In model theory, the Keisler-Shelah isomorphism theorem asserts that two models of a theory are elementary equivalent if and only if they have isomorphic ultrapowers. On the other hand, assuming that $\kappa$ is strongly compact, we can ensure the existence of a $\kappa$-complete ultrafilter on every set (that is, an ultrafilter closed under intersections of less than $\kappa$ elements) and prove a version of Łoś theorem for the infinitary logic $\mathcal{L}_{\kappa, \kappa}$.

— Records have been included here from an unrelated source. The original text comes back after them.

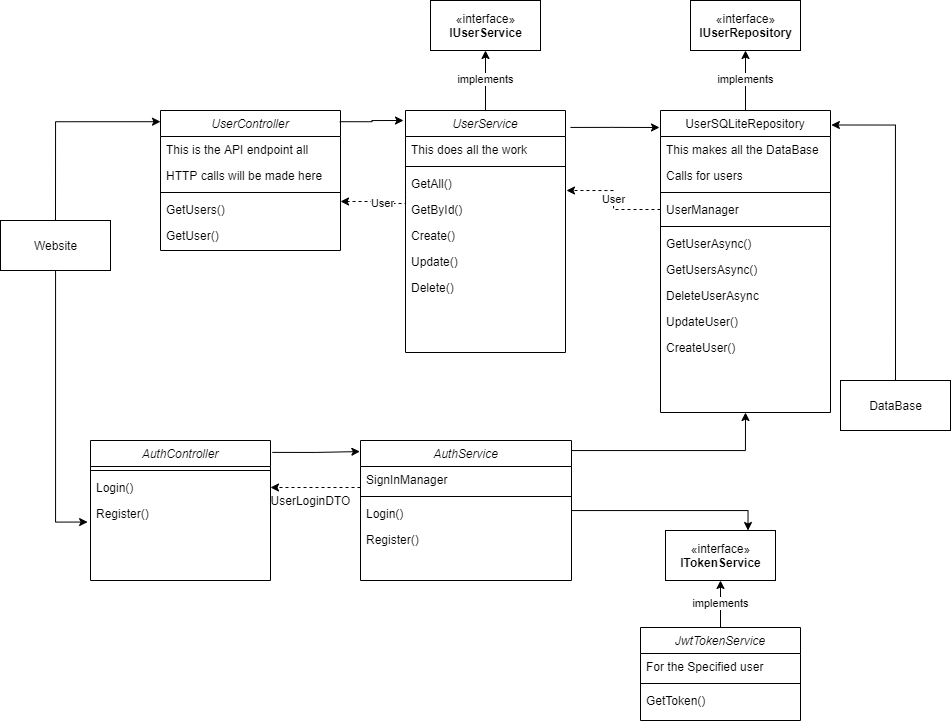

The diagram above was exported from draw.io. Its source (the exported page's mxGraphModel, read from the mxfile embedded in the PNG):
<mxGraphModel dx="2048" dy="695" grid="1" gridSize="10" guides="1" tooltips="1" connect="1" arrows="1" fold="1" page="1" pageScale="1" pageWidth="827" pageHeight="1169" math="0" shadow="0">
  <root>
    <mxCell id="WIyWlLk6GJQsqaUBKTNV-0" />
    <mxCell id="WIyWlLk6GJQsqaUBKTNV-1" parent="WIyWlLk6GJQsqaUBKTNV-0" />
    <mxCell id="aeZPI8-jSG2lQoRjbgXF-1" value="implements" style="edgeStyle=orthogonalEdgeStyle;rounded=0;orthogonalLoop=1;jettySize=auto;html=1;exitX=0.5;exitY=0;exitDx=0;exitDy=0;entryX=0.5;entryY=1;entryDx=0;entryDy=0;" parent="WIyWlLk6GJQsqaUBKTNV-1" source="zkfFHV4jXpPFQw0GAbJ--0" target="aeZPI8-jSG2lQoRjbgXF-0" edge="1">
      <mxGeometry relative="1" as="geometry" />
    </mxCell>
    <mxCell id="zkfFHV4jXpPFQw0GAbJ--0" value="UserService" style="swimlane;fontStyle=2;align=center;verticalAlign=top;childLayout=stackLayout;horizontal=1;startSize=26;horizontalStack=0;resizeParent=1;resizeLast=0;collapsible=1;marginBottom=0;rounded=0;shadow=0;strokeWidth=1;" parent="WIyWlLk6GJQsqaUBKTNV-1" vertex="1">
      <mxGeometry x="345" y="120" width="160" height="242" as="geometry">
        <mxRectangle x="230" y="140" width="160" height="26" as="alternateBounds" />
      </mxGeometry>
    </mxCell>
    <mxCell id="zkfFHV4jXpPFQw0GAbJ--3" value="This does all the work" style="text;align=left;verticalAlign=top;spacingLeft=4;spacingRight=4;overflow=hidden;rotatable=0;points=[[0,0.5],[1,0.5]];portConstraint=eastwest;rounded=0;shadow=0;html=0;" parent="zkfFHV4jXpPFQw0GAbJ--0" vertex="1">
      <mxGeometry y="26" width="160" height="26" as="geometry" />
    </mxCell>
    <mxCell id="zkfFHV4jXpPFQw0GAbJ--4" value="" style="line;html=1;strokeWidth=1;align=left;verticalAlign=middle;spacingTop=-1;spacingLeft=3;spacingRight=3;rotatable=0;labelPosition=right;points=[];portConstraint=eastwest;" parent="zkfFHV4jXpPFQw0GAbJ--0" vertex="1">
      <mxGeometry y="52" width="160" height="8" as="geometry" />
    </mxCell>
    <mxCell id="zkfFHV4jXpPFQw0GAbJ--2" value="GetAll()" style="text;align=left;verticalAlign=top;spacingLeft=4;spacingRight=4;overflow=hidden;rotatable=0;points=[[0,0.5],[1,0.5]];portConstraint=eastwest;rounded=0;shadow=0;html=0;" parent="zkfFHV4jXpPFQw0GAbJ--0" vertex="1">
      <mxGeometry y="60" width="160" height="26" as="geometry" />
    </mxCell>
    <mxCell id="zkfFHV4jXpPFQw0GAbJ--5" value="GetById()" style="text;align=left;verticalAlign=top;spacingLeft=4;spacingRight=4;overflow=hidden;rotatable=0;points=[[0,0.5],[1,0.5]];portConstraint=eastwest;" parent="zkfFHV4jXpPFQw0GAbJ--0" vertex="1">
      <mxGeometry y="86" width="160" height="26" as="geometry" />
    </mxCell>
    <mxCell id="aeZPI8-jSG2lQoRjbgXF-41" value="Create()" style="text;align=left;verticalAlign=top;spacingLeft=4;spacingRight=4;overflow=hidden;rotatable=0;points=[[0,0.5],[1,0.5]];portConstraint=eastwest;" parent="zkfFHV4jXpPFQw0GAbJ--0" vertex="1">
      <mxGeometry y="112" width="160" height="26" as="geometry" />
    </mxCell>
    <mxCell id="aeZPI8-jSG2lQoRjbgXF-42" value="Update()" style="text;align=left;verticalAlign=top;spacingLeft=4;spacingRight=4;overflow=hidden;rotatable=0;points=[[0,0.5],[1,0.5]];portConstraint=eastwest;" parent="zkfFHV4jXpPFQw0GAbJ--0" vertex="1">
      <mxGeometry y="138" width="160" height="26" as="geometry" />
    </mxCell>
    <mxCell id="aeZPI8-jSG2lQoRjbgXF-43" value="Delete()" style="text;align=left;verticalAlign=top;spacingLeft=4;spacingRight=4;overflow=hidden;rotatable=0;points=[[0,0.5],[1,0.5]];portConstraint=eastwest;" parent="zkfFHV4jXpPFQw0GAbJ--0" vertex="1">
      <mxGeometry y="164" width="160" height="26" as="geometry" />
    </mxCell>
    <mxCell id="aeZPI8-jSG2lQoRjbgXF-22" value="implements" style="edgeStyle=orthogonalEdgeStyle;rounded=0;orthogonalLoop=1;jettySize=auto;html=1;exitX=0.5;exitY=0;exitDx=0;exitDy=0;entryX=0.5;entryY=1;entryDx=0;entryDy=0;" parent="WIyWlLk6GJQsqaUBKTNV-1" source="zkfFHV4jXpPFQw0GAbJ--17" target="aeZPI8-jSG2lQoRjbgXF-11" edge="1">
      <mxGeometry relative="1" as="geometry" />
    </mxCell>
    <mxCell id="zkfFHV4jXpPFQw0GAbJ--17" value="UserSQLiteRepository" style="swimlane;fontStyle=0;align=center;verticalAlign=top;childLayout=stackLayout;horizontal=1;startSize=26;horizontalStack=0;resizeParent=1;resizeLast=0;collapsible=1;marginBottom=0;rounded=0;shadow=0;strokeWidth=1;" parent="WIyWlLk6GJQsqaUBKTNV-1" vertex="1">
      <mxGeometry x="600" y="120" width="170" height="302" as="geometry">
        <mxRectangle x="550" y="140" width="160" height="26" as="alternateBounds" />
      </mxGeometry>
    </mxCell>
    <mxCell id="zkfFHV4jXpPFQw0GAbJ--18" value="This makes all the DataBase" style="text;align=left;verticalAlign=top;spacingLeft=4;spacingRight=4;overflow=hidden;rotatable=0;points=[[0,0.5],[1,0.5]];portConstraint=eastwest;" parent="zkfFHV4jXpPFQw0GAbJ--17" vertex="1">
      <mxGeometry y="26" width="170" height="26" as="geometry" />
    </mxCell>
    <mxCell id="zkfFHV4jXpPFQw0GAbJ--19" value="Calls for users" style="text;align=left;verticalAlign=top;spacingLeft=4;spacingRight=4;overflow=hidden;rotatable=0;points=[[0,0.5],[1,0.5]];portConstraint=eastwest;rounded=0;shadow=0;html=0;" parent="zkfFHV4jXpPFQw0GAbJ--17" vertex="1">
      <mxGeometry y="52" width="170" height="26" as="geometry" />
    </mxCell>
    <mxCell id="zkfFHV4jXpPFQw0GAbJ--23" value="" style="line;html=1;strokeWidth=1;align=left;verticalAlign=middle;spacingTop=-1;spacingLeft=3;spacingRight=3;rotatable=0;labelPosition=right;points=[];portConstraint=eastwest;" parent="zkfFHV4jXpPFQw0GAbJ--17" vertex="1">
      <mxGeometry y="78" width="170" height="8" as="geometry" />
    </mxCell>
    <mxCell id="zkfFHV4jXpPFQw0GAbJ--24" value="UserManager" style="text;align=left;verticalAlign=top;spacingLeft=4;spacingRight=4;overflow=hidden;rotatable=0;points=[[0,0.5],[1,0.5]];portConstraint=eastwest;" parent="zkfFHV4jXpPFQw0GAbJ--17" vertex="1">
      <mxGeometry y="86" width="170" height="26" as="geometry" />
    </mxCell>
    <mxCell id="aeZPI8-jSG2lQoRjbgXF-46" value="" style="line;html=1;strokeWidth=1;align=left;verticalAlign=middle;spacingTop=-1;spacingLeft=3;spacingRight=3;rotatable=0;labelPosition=right;points=[];portConstraint=eastwest;" parent="zkfFHV4jXpPFQw0GAbJ--17" vertex="1">
      <mxGeometry y="112" width="170" height="8" as="geometry" />
    </mxCell>
    <mxCell id="aeZPI8-jSG2lQoRjbgXF-47" value="GetUserAsync()" style="text;align=left;verticalAlign=top;spacingLeft=4;spacingRight=4;overflow=hidden;rotatable=0;points=[[0,0.5],[1,0.5]];portConstraint=eastwest;" parent="zkfFHV4jXpPFQw0GAbJ--17" vertex="1">
      <mxGeometry y="120" width="170" height="26" as="geometry" />
    </mxCell>
    <mxCell id="aeZPI8-jSG2lQoRjbgXF-48" value="GetUsersAsync()" style="text;align=left;verticalAlign=top;spacingLeft=4;spacingRight=4;overflow=hidden;rotatable=0;points=[[0,0.5],[1,0.5]];portConstraint=eastwest;" parent="zkfFHV4jXpPFQw0GAbJ--17" vertex="1">
      <mxGeometry y="146" width="170" height="26" as="geometry" />
    </mxCell>
    <mxCell id="aeZPI8-jSG2lQoRjbgXF-49" value="DeleteUserAsync" style="text;align=left;verticalAlign=top;spacingLeft=4;spacingRight=4;overflow=hidden;rotatable=0;points=[[0,0.5],[1,0.5]];portConstraint=eastwest;" parent="zkfFHV4jXpPFQw0GAbJ--17" vertex="1">
      <mxGeometry y="172" width="170" height="26" as="geometry" />
    </mxCell>
    <mxCell id="aeZPI8-jSG2lQoRjbgXF-50" value="UpdateUser()" style="text;align=left;verticalAlign=top;spacingLeft=4;spacingRight=4;overflow=hidden;rotatable=0;points=[[0,0.5],[1,0.5]];portConstraint=eastwest;" parent="zkfFHV4jXpPFQw0GAbJ--17" vertex="1">
      <mxGeometry y="198" width="170" height="26" as="geometry" />
    </mxCell>
    <mxCell id="aeZPI8-jSG2lQoRjbgXF-51" value="CreateUser()" style="text;align=left;verticalAlign=top;spacingLeft=4;spacingRight=4;overflow=hidden;rotatable=0;points=[[0,0.5],[1,0.5]];portConstraint=eastwest;" parent="zkfFHV4jXpPFQw0GAbJ--17" vertex="1">
      <mxGeometry y="224" width="170" height="26" as="geometry" />
    </mxCell>
    <mxCell id="aeZPI8-jSG2lQoRjbgXF-0" value="«interface»&lt;br&gt;&lt;b&gt;IUserService&lt;/b&gt;" style="html=1;" parent="WIyWlLk6GJQsqaUBKTNV-1" vertex="1">
      <mxGeometry x="370" y="10" width="110" height="50" as="geometry" />
    </mxCell>
    <mxCell id="aeZPI8-jSG2lQoRjbgXF-3" value="UserController" style="swimlane;fontStyle=2;align=center;verticalAlign=top;childLayout=stackLayout;horizontal=1;startSize=26;horizontalStack=0;resizeParent=1;resizeLast=0;collapsible=1;marginBottom=0;rounded=0;shadow=0;strokeWidth=1;" parent="WIyWlLk6GJQsqaUBKTNV-1" vertex="1">
      <mxGeometry x="100" y="120" width="180" height="140" as="geometry">
        <mxRectangle x="230" y="140" width="160" height="26" as="alternateBounds" />
      </mxGeometry>
    </mxCell>
    <mxCell id="aeZPI8-jSG2lQoRjbgXF-4" value="This is the API endpoint all" style="text;align=left;verticalAlign=top;spacingLeft=4;spacingRight=4;overflow=hidden;rotatable=0;points=[[0,0.5],[1,0.5]];portConstraint=eastwest;" parent="aeZPI8-jSG2lQoRjbgXF-3" vertex="1">
      <mxGeometry y="26" width="180" height="26" as="geometry" />
    </mxCell>
    <mxCell id="aeZPI8-jSG2lQoRjbgXF-8" value="HTTP calls will be made here" style="text;align=left;verticalAlign=top;spacingLeft=4;spacingRight=4;overflow=hidden;rotatable=0;points=[[0,0.5],[1,0.5]];portConstraint=eastwest;" parent="aeZPI8-jSG2lQoRjbgXF-3" vertex="1">
      <mxGeometry y="52" width="180" height="26" as="geometry" />
    </mxCell>
    <mxCell id="aeZPI8-jSG2lQoRjbgXF-7" value="" style="line;html=1;strokeWidth=1;align=left;verticalAlign=middle;spacingTop=-1;spacingLeft=3;spacingRight=3;rotatable=0;labelPosition=right;points=[];portConstraint=eastwest;" parent="aeZPI8-jSG2lQoRjbgXF-3" vertex="1">
      <mxGeometry y="78" width="180" height="8" as="geometry" />
    </mxCell>
    <mxCell id="aeZPI8-jSG2lQoRjbgXF-10" value="GetUsers()" style="text;align=left;verticalAlign=top;spacingLeft=4;spacingRight=4;overflow=hidden;rotatable=0;points=[[0,0.5],[1,0.5]];portConstraint=eastwest;" parent="aeZPI8-jSG2lQoRjbgXF-3" vertex="1">
      <mxGeometry y="86" width="180" height="26" as="geometry" />
    </mxCell>
    <mxCell id="aeZPI8-jSG2lQoRjbgXF-25" value="GetUser()" style="text;align=left;verticalAlign=top;spacingLeft=4;spacingRight=4;overflow=hidden;rotatable=0;points=[[0,0.5],[1,0.5]];portConstraint=eastwest;" parent="aeZPI8-jSG2lQoRjbgXF-3" vertex="1">
      <mxGeometry y="112" width="180" height="26" as="geometry" />
    </mxCell>
    <mxCell id="aeZPI8-jSG2lQoRjbgXF-11" value="«interface»&lt;br&gt;&lt;b&gt;IUserRepository&lt;/b&gt;" style="html=1;" parent="WIyWlLk6GJQsqaUBKTNV-1" vertex="1">
      <mxGeometry x="630" y="10" width="110" height="50" as="geometry" />
    </mxCell>
    <mxCell id="aeZPI8-jSG2lQoRjbgXF-13" style="edgeStyle=orthogonalEdgeStyle;rounded=0;orthogonalLoop=1;jettySize=auto;html=1;exitX=0.5;exitY=0;exitDx=0;exitDy=0;entryX=1.005;entryY=0.048;entryDx=0;entryDy=0;entryPerimeter=0;" parent="WIyWlLk6GJQsqaUBKTNV-1" source="aeZPI8-jSG2lQoRjbgXF-12" target="zkfFHV4jXpPFQw0GAbJ--17" edge="1">
      <mxGeometry relative="1" as="geometry" />
    </mxCell>
    <mxCell id="aeZPI8-jSG2lQoRjbgXF-12" value="DataBase" style="html=1;" parent="WIyWlLk6GJQsqaUBKTNV-1" vertex="1">
      <mxGeometry x="780" y="390" width="110" height="50" as="geometry" />
    </mxCell>
    <mxCell id="aeZPI8-jSG2lQoRjbgXF-17" value="User" style="edgeStyle=orthogonalEdgeStyle;rounded=0;orthogonalLoop=1;jettySize=auto;html=1;exitX=0;exitY=0.5;exitDx=0;exitDy=0;dashed=1;" parent="WIyWlLk6GJQsqaUBKTNV-1" source="zkfFHV4jXpPFQw0GAbJ--24" edge="1">
      <mxGeometry relative="1" as="geometry">
        <mxPoint x="560" y="211" as="sourcePoint" />
        <mxPoint x="506" y="200" as="targetPoint" />
        <Array as="points">
          <mxPoint x="553" y="219" />
          <mxPoint x="553" y="200" />
        </Array>
      </mxGeometry>
    </mxCell>
    <mxCell id="aeZPI8-jSG2lQoRjbgXF-18" value="User" style="edgeStyle=orthogonalEdgeStyle;rounded=0;orthogonalLoop=1;jettySize=auto;html=1;exitX=0;exitY=0.5;exitDx=0;exitDy=0;entryX=1;entryY=0.192;entryDx=0;entryDy=0;entryPerimeter=0;dashed=1;" parent="WIyWlLk6GJQsqaUBKTNV-1" target="aeZPI8-jSG2lQoRjbgXF-10" edge="1">
      <mxGeometry relative="1" as="geometry">
        <mxPoint x="345" y="193" as="sourcePoint" />
      </mxGeometry>
    </mxCell>
    <mxCell id="aeZPI8-jSG2lQoRjbgXF-19" style="edgeStyle=orthogonalEdgeStyle;rounded=0;orthogonalLoop=1;jettySize=auto;html=1;exitX=0.996;exitY=0.08;exitDx=0;exitDy=0;exitPerimeter=0;" parent="WIyWlLk6GJQsqaUBKTNV-1" source="aeZPI8-jSG2lQoRjbgXF-3" edge="1">
      <mxGeometry relative="1" as="geometry">
        <mxPoint x="343" y="130" as="targetPoint" />
      </mxGeometry>
    </mxCell>
    <mxCell id="aeZPI8-jSG2lQoRjbgXF-20" style="edgeStyle=orthogonalEdgeStyle;rounded=0;orthogonalLoop=1;jettySize=auto;html=1;exitX=1.031;exitY=0.07;exitDx=0;exitDy=0;exitPerimeter=0;" parent="WIyWlLk6GJQsqaUBKTNV-1" source="zkfFHV4jXpPFQw0GAbJ--0" edge="1">
      <mxGeometry relative="1" as="geometry">
        <mxPoint x="520" y="137" as="sourcePoint" />
        <mxPoint x="599" y="137" as="targetPoint" />
      </mxGeometry>
    </mxCell>
    <mxCell id="aeZPI8-jSG2lQoRjbgXF-24" style="edgeStyle=orthogonalEdgeStyle;rounded=0;orthogonalLoop=1;jettySize=auto;html=1;exitX=0.5;exitY=0;exitDx=0;exitDy=0;entryX=0;entryY=0.08;entryDx=0;entryDy=0;entryPerimeter=0;" parent="WIyWlLk6GJQsqaUBKTNV-1" source="aeZPI8-jSG2lQoRjbgXF-23" target="aeZPI8-jSG2lQoRjbgXF-3" edge="1">
      <mxGeometry relative="1" as="geometry">
        <Array as="points">
          <mxPoint x="-5" y="131" />
        </Array>
      </mxGeometry>
    </mxCell>
    <mxCell id="oHpqX3BSD0J8fx6_ybVN-33" style="edgeStyle=orthogonalEdgeStyle;rounded=0;orthogonalLoop=1;jettySize=auto;html=1;entryX=-0.016;entryY=0.829;entryDx=0;entryDy=0;entryPerimeter=0;" parent="WIyWlLk6GJQsqaUBKTNV-1" source="aeZPI8-jSG2lQoRjbgXF-23" target="oHpqX3BSD0J8fx6_ybVN-5" edge="1">
      <mxGeometry relative="1" as="geometry" />
    </mxCell>
    <mxCell id="aeZPI8-jSG2lQoRjbgXF-23" value="Website" style="html=1;" parent="WIyWlLk6GJQsqaUBKTNV-1" vertex="1">
      <mxGeometry x="-60" y="230" width="110" height="50" as="geometry" />
    </mxCell>
    <mxCell id="SRbOthbt9VgAZgA1BuCe-0" style="edgeStyle=orthogonalEdgeStyle;rounded=0;orthogonalLoop=1;jettySize=auto;html=1;exitX=1.01;exitY=0.085;exitDx=0;exitDy=0;entryX=-0.003;entryY=0.079;entryDx=0;entryDy=0;entryPerimeter=0;exitPerimeter=0;" edge="1" parent="WIyWlLk6GJQsqaUBKTNV-1" source="oHpqX3BSD0J8fx6_ybVN-0" target="oHpqX3BSD0J8fx6_ybVN-6">
      <mxGeometry relative="1" as="geometry" />
    </mxCell>
    <mxCell id="oHpqX3BSD0J8fx6_ybVN-0" value="AuthController" style="swimlane;fontStyle=2;align=center;verticalAlign=top;childLayout=stackLayout;horizontal=1;startSize=26;horizontalStack=0;resizeParent=1;resizeLast=0;collapsible=1;marginBottom=0;rounded=0;shadow=0;strokeWidth=1;" parent="WIyWlLk6GJQsqaUBKTNV-1" vertex="1">
      <mxGeometry x="30" y="450" width="180" height="140" as="geometry">
        <mxRectangle x="230" y="140" width="160" height="26" as="alternateBounds" />
      </mxGeometry>
    </mxCell>
    <mxCell id="oHpqX3BSD0J8fx6_ybVN-3" value="" style="line;html=1;strokeWidth=1;align=left;verticalAlign=middle;spacingTop=-1;spacingLeft=3;spacingRight=3;rotatable=0;labelPosition=right;points=[];portConstraint=eastwest;" parent="oHpqX3BSD0J8fx6_ybVN-0" vertex="1">
      <mxGeometry y="26" width="180" height="8" as="geometry" />
    </mxCell>
    <mxCell id="oHpqX3BSD0J8fx6_ybVN-4" value="Login()" style="text;align=left;verticalAlign=top;spacingLeft=4;spacingRight=4;overflow=hidden;rotatable=0;points=[[0,0.5],[1,0.5]];portConstraint=eastwest;" parent="oHpqX3BSD0J8fx6_ybVN-0" vertex="1">
      <mxGeometry y="34" width="180" height="26" as="geometry" />
    </mxCell>
    <mxCell id="oHpqX3BSD0J8fx6_ybVN-5" value="Register()" style="text;align=left;verticalAlign=top;spacingLeft=4;spacingRight=4;overflow=hidden;rotatable=0;points=[[0,0.5],[1,0.5]];portConstraint=eastwest;" parent="oHpqX3BSD0J8fx6_ybVN-0" vertex="1">
      <mxGeometry y="60" width="180" height="26" as="geometry" />
    </mxCell>
    <mxCell id="oHpqX3BSD0J8fx6_ybVN-28" style="edgeStyle=orthogonalEdgeStyle;rounded=0;orthogonalLoop=1;jettySize=auto;html=1;entryX=0.75;entryY=0;entryDx=0;entryDy=0;" parent="WIyWlLk6GJQsqaUBKTNV-1" source="oHpqX3BSD0J8fx6_ybVN-6" target="oHpqX3BSD0J8fx6_ybVN-25" edge="1">
      <mxGeometry relative="1" as="geometry" />
    </mxCell>
    <mxCell id="oHpqX3BSD0J8fx6_ybVN-29" style="edgeStyle=orthogonalEdgeStyle;rounded=0;orthogonalLoop=1;jettySize=auto;html=1;entryX=1;entryY=0.5;entryDx=0;entryDy=0;dashed=1;" parent="WIyWlLk6GJQsqaUBKTNV-1" source="oHpqX3BSD0J8fx6_ybVN-6" target="oHpqX3BSD0J8fx6_ybVN-4" edge="1">
      <mxGeometry relative="1" as="geometry">
        <Array as="points">
          <mxPoint x="290" y="497" />
          <mxPoint x="290" y="497" />
        </Array>
      </mxGeometry>
    </mxCell>
    <mxCell id="oHpqX3BSD0J8fx6_ybVN-32" style="edgeStyle=orthogonalEdgeStyle;rounded=0;orthogonalLoop=1;jettySize=auto;html=1;entryX=0.5;entryY=1;entryDx=0;entryDy=0;" parent="WIyWlLk6GJQsqaUBKTNV-1" source="oHpqX3BSD0J8fx6_ybVN-6" target="zkfFHV4jXpPFQw0GAbJ--17" edge="1">
      <mxGeometry relative="1" as="geometry">
        <Array as="points">
          <mxPoint x="685" y="460" />
        </Array>
      </mxGeometry>
    </mxCell>
    <mxCell id="oHpqX3BSD0J8fx6_ybVN-6" value="AuthService" style="swimlane;fontStyle=2;align=center;verticalAlign=top;childLayout=stackLayout;horizontal=1;startSize=26;horizontalStack=0;resizeParent=1;resizeLast=0;collapsible=1;marginBottom=0;rounded=0;shadow=0;strokeWidth=1;" parent="WIyWlLk6GJQsqaUBKTNV-1" vertex="1">
      <mxGeometry x="300" y="450" width="211" height="140" as="geometry">
        <mxRectangle x="230" y="140" width="160" height="26" as="alternateBounds" />
      </mxGeometry>
    </mxCell>
    <mxCell id="zkfFHV4jXpPFQw0GAbJ--25" value="SignInManager" style="text;align=left;verticalAlign=top;spacingLeft=4;spacingRight=4;overflow=hidden;rotatable=0;points=[[0,0.5],[1,0.5]];portConstraint=eastwest;" parent="oHpqX3BSD0J8fx6_ybVN-6" vertex="1">
      <mxGeometry y="26" width="211" height="26" as="geometry" />
    </mxCell>
    <mxCell id="oHpqX3BSD0J8fx6_ybVN-8" value="" style="line;html=1;strokeWidth=1;align=left;verticalAlign=middle;spacingTop=-1;spacingLeft=3;spacingRight=3;rotatable=0;labelPosition=right;points=[];portConstraint=eastwest;" parent="oHpqX3BSD0J8fx6_ybVN-6" vertex="1">
      <mxGeometry y="52" width="211" height="8" as="geometry" />
    </mxCell>
    <mxCell id="oHpqX3BSD0J8fx6_ybVN-9" value="Login()" style="text;align=left;verticalAlign=top;spacingLeft=4;spacingRight=4;overflow=hidden;rotatable=0;points=[[0,0.5],[1,0.5]];portConstraint=eastwest;" parent="oHpqX3BSD0J8fx6_ybVN-6" vertex="1">
      <mxGeometry y="60" width="211" height="26" as="geometry" />
    </mxCell>
    <mxCell id="oHpqX3BSD0J8fx6_ybVN-10" value="Register()" style="text;align=left;verticalAlign=top;spacingLeft=4;spacingRight=4;overflow=hidden;rotatable=0;points=[[0,0.5],[1,0.5]];portConstraint=eastwest;rounded=0;shadow=0;html=0;" parent="oHpqX3BSD0J8fx6_ybVN-6" vertex="1">
      <mxGeometry y="86" width="211" height="26" as="geometry" />
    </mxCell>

My question is whether a suitable version of the Keisler- Shelah theorem also holds for infinitary languages. Shelah's original proof (the first without using GCH), or the similar version in Chang-Keisler book "Model theory", seem to be readily generalizable, but I would like if possible to find a reference for it. The statement I have in mind is as follows:

Let $\kappa$ be a strongly compact cardinal and assume $\mathcal{A}$ and $\mathcal{B}$ are models of a theory in $\mathcal{L}_{\kappa, \kappa}$. Then $\mathcal{A}$ and $\mathcal{B}$ are elementary equivalent (with respect to the language $\mathcal{L}_{\kappa, \kappa}$) if and only there is a set $I$ and a $\kappa$-complete ultrafilter $U$ over $I$ such that the ultrapowers $\Pi_{i \in I}\mathcal{A}/U$ and $\Pi_{i \in I}\mathcal{B}/U$ are isomorphic.

Does this hold or has it been considered in the literature?